_WORK REQUEST:_ Filter the entries for the word "Commit". Copy each line that has it.
####
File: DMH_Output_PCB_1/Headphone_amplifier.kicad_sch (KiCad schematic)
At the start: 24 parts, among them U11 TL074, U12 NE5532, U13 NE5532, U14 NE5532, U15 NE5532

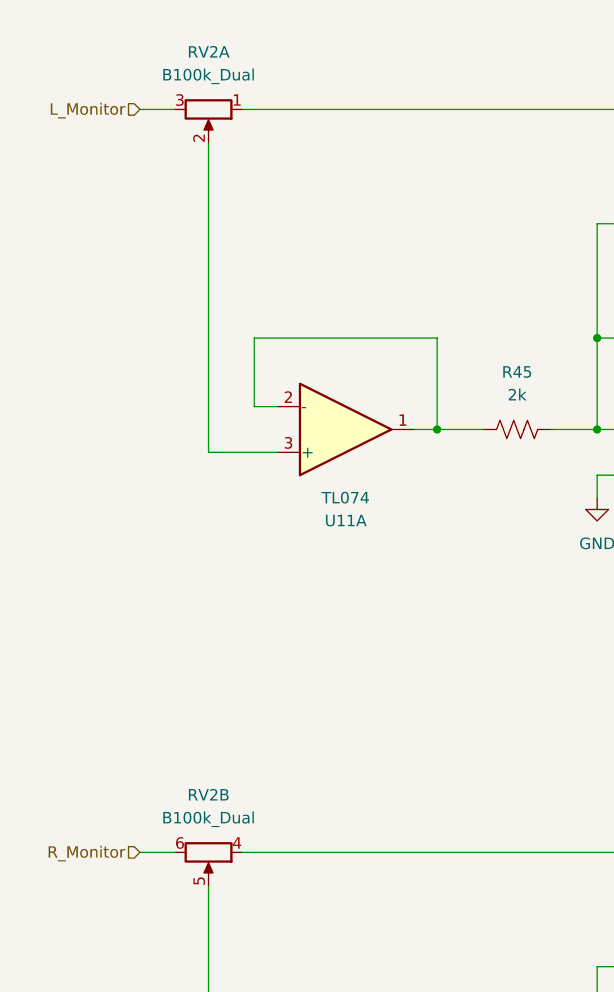
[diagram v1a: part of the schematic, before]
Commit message: Redesigned external input preamp
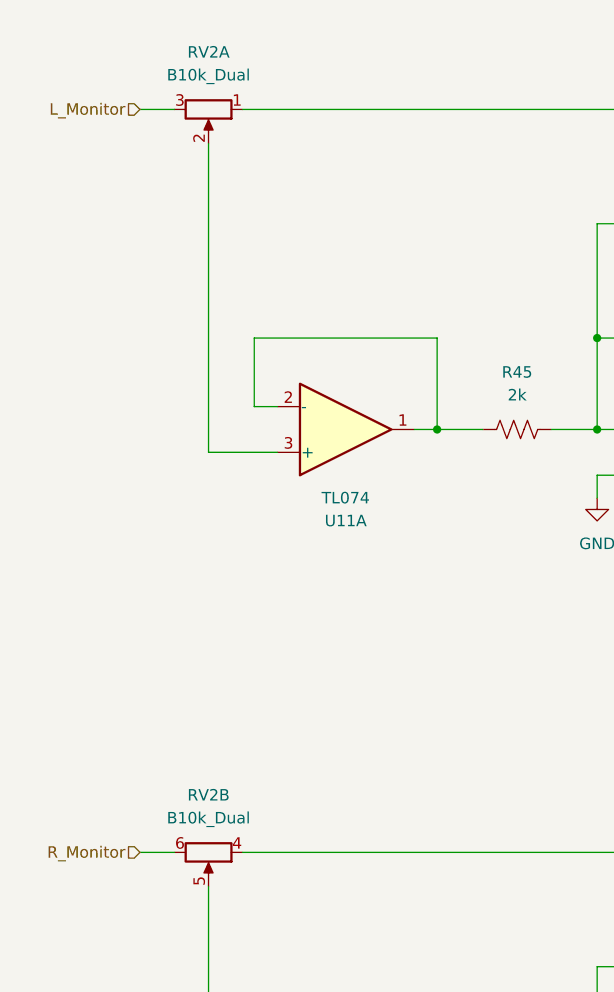
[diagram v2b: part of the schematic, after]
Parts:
- RV2: value B100k_Dual -> B10k_Dual
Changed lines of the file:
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@@
 			)
 		)
-		(property "Value" "B100k_Dual"
+		(property "Value" "B10k_Dual"
 			(at 35.56 104.14 90)
 			(effects
@@
 			)
 		)
-		(property "Value" "B100k_Dual"
+		(property "Value" "B10k_Dual"
 			(at 35.56 21.59 90)
 			(effects

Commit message: Adjusted gains
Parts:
- R45, R47: value 2k -> 1k
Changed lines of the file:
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@@
 			)
 		)
-		(property "Value" "2k"
+		(property "Value" "1k"
 			(at 69.85 57.15 90)
 			(effects
@@
 			)
 		)
-		(property "Value" "2k"
+		(property "Value" "1k"
 			(at 69.85 139.7 90)
 			(effects
@@
 			)
 		)
+		(property "Function" ""
+			(at 69.85 143.51 0)
+			(effects
+				(font
+					(size 1.27 1.27)
+				)
+			)
+		)

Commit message: Updated meters resistor values
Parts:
- U12, U13, U14, U15: footprint (none) -> Package_DIP:DIP-8_W7.62mm_Socket
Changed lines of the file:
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@@
 			)
 		)
-		(property "Footprint" ""
+		(property "Footprint" "Package_DIP:DIP-8_W7.62mm_Socket"
 			(at 152.4 132.08 0)
 			(effects
@@
 			)
 		)
-		(property "Footprint" ""
+		(property "Footprint" "Package_DIP:DIP-8_W7.62mm_Socket"
 			(at 127 66.04 0)
 			(effects
@@
 			)
 		)
-		(property "Footprint" ""
+		(property "Footprint" "Package_DIP:DIP-8_W7.62mm_Socket"
 			(at 152.4 110.49 0)
 			(effects
@@
 			)
 		)
-		(property "Footprint" ""
+		(property "Footprint" "Package_DIP:DIP-8_W7.62mm_Socket"
 			(at 152.4 27.94 0)
 			(effects
@@
 			)
 		)
-		(property "Footprint" ""
+		(property "Footprint" "Package_DIP:DIP-8_W7.62mm_Socket"
 			(at 152.4 49.53 0)
 			(effects
@@
 			)
 		)
-		(property "Footprint" ""
+		(property "Footprint" "Package_DIP:DIP-8_W7.62mm_Socket"
 			(at 127 148.59 0)
 			(effects
@@
 			)
 		)
-		(property "Footprint" ""
+		(property "Footprint" "Package_DIP:DIP-8_W7.62mm_Socket"
 			(at 152.4 161.29 0)
 			(effects
@@
 			)
 		)
-		(property "Footprint" ""
+		(property "Footprint" "Package_DIP:DIP-8_W7.62mm_Socket"
 			(at 152.4 78.74 0)
 			(effects

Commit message: Adjustments during breadboarding
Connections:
- net GND: now also U11.5 (+), U13.3 (+), U15.3 (+); no longer U11.12 (+), U13.5 (+), U15.5 (+)
- net at R56.2, R58.1, U14.3 (+)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: now also U15.1, U15.5 (+); no longer U15.3 (+), U15.7
- net at R48.2, R49.1: now also U13.2 (-); no longer U13.6 (-)
- net at R49.2, R52.1, U12.3 (+)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: now also U13.1, U13.5 (+); no longer U13.3 (+), U13.7
- net at RV2.5: now also U11.12 (+); no longer U11.5 (+)
- net at R56.1, R57.2: now also U15.2 (-); no longer U15.6 (-)
- net at C13.1, R44.1, R45.2: now also U11.6 (-); no longer U11.13 (-)
- net at C13.2, R44.2, R48.1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: now also U11.7; no longer U11.14
- new net: R59.1, U15.6 (-), U15.7
- new net: R47.1, U11.13 (-), U11.14
- new net: R53.1, U13.6 (-), U13.7
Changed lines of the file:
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@@
 		(at 127 66.04 0)
 		(mirror x)
-		(unit 2)
+		(unit 1)
 		(exclude_from_sim no)
 		(in_bom yes)
@@
 			)
 		)
+		(property "Function" ""
+			(at 127 66.04 0)
+			(effects
+				(font
+					(size 1.27 1.27)
+				)
+			)
+		)
 		(pin "2"
 		)
@@
 				(path "/58f4306d-5387-4983-bb08-41a2313fd315/45b3c00a-420e-4349-b096-199706c640d6"
 					(reference "U13")
-					(unit 2)
+					(unit 1)
 				)
 			)
@@
 		(at 50.8 143.51 0)
 		(mirror x)
-		(unit 2)
+		(unit 4)
 		(exclude_from_sim no)
 		(in_bom yes)
@@
 			)
 		)
+		(property "Function" ""
+			(at 50.8 143.51 0)
+			(effects
+				(font
+					(size 1.27 1.27)
+				)
+			)
+		)
 		(pin "7"
 		)
@@
 				(path "/58f4306d-5387-4983-bb08-41a2313fd315/45b3c00a-420e-4349-b096-199706c640d6"
 					(reference "U11")
-					(unit 2)
+					(unit 4)
 				)
 			)
@@
 		(at 127 148.59 0)
 		(mirror x)
-		(unit 2)
+		(unit 1)
 		(exclude_from_sim no)
 		(in_bom yes)
@@
 			)
 		)
+		(property "Function" ""
+			(at 127 148.59 0)
+			(effects
+				(font
+					(size 1.27 1.27)
+				)
+			)
+		)
 		(pin "2"
 		)
@@
 				(path "/58f4306d-5387-4983-bb08-41a2313fd315/45b3c00a-420e-4349-b096-199706c640d6"
 					(reference "U15")
-					(unit 2)
+					(unit 1)
 				)
 			)
@@
 		(lib_id "Amplifier_Operational:NE5532")
 		(at 152.4 161.29 0)
-		(unit 1)
+		(unit 2)
 		(exclude_from_sim no)
 		(in_bom yes)
@@
 			)
 		)
+		(property "Function" ""
+			(at 152.4 161.29 0)
+			(effects
+				(font
+					(size 1.27 1.27)
+				)
+			)
+		)
 		(pin "2"
 		)
@@
 				(path "/58f4306d-5387-4983-bb08-41a2313fd315/45b3c00a-420e-4349-b096-199706c640d6"
 					(reference "U15")
-					(unit 1)
+					(unit 2)
 				)
 			)
@@
 		(at 88.9 63.5 0)
 		(mirror x)
-		(unit 4)
+		(unit 2)
 		(exclude_from_sim no)
 		(in_bom yes)
@@
 			)
 		)
+		(property "Function" ""
+			(at 88.9 63.5 0)
+			(effects
+				(font
+					(size 1.27 1.27)
+				)
+			)
+		)
 		(pin "7"
 		)
@@
 				(path "/58f4306d-5387-4983-bb08-41a2313fd315/45b3c00a-420e-4349-b096-199706c640d6"
 					(reference "U11")
-					(unit 4)
+					(unit 2)
 				)
 			)
@@
 			)
 		)
+		(property "Function" ""
+			(at 50.8 60.96 0)
+			(effects
+				(font
+					(size 1.27 1.27)
+				)
+			)
+		)
 		(pin "7"
 		)
@@
 			)
 		)
+		(property "Function" ""
+			(at 88.9 146.05 0)
+			(effects
+				(font
+					(size 1.27 1.27)
+				)
+			)
+		)
 		(pin "7"
 		)
@@
 		(lib_id "Amplifier_Operational:NE5532")
 		(at 152.4 78.74 0)
-		(unit 1)
+		(unit 2)
 		(exclude_from_sim no)
 		(in_bom yes)
@@
 			)
 		)
+		(property "Function" ""
+			(at 152.4 78.74 0)
+			(effects
+				(font
+					(size 1.27 1.27)
+				)
+			)
+		)
 		(pin "2"
 		)
@@
 				(path "/58f4306d-5387-4983-bb08-41a2313fd315/45b3c00a-420e-4349-b096-199706c640d6"
 					(reference "U13")
-					(unit 1)
-				)
-			)
+					(unit 2)
+				)
+			)
####
_WRITTEN REPLY:_
Commit message: Redesigned external input preamp
Commit message: Adjusted gains
Commit message: Updated meters resistor values
Commit message: Adjustments during breadboarding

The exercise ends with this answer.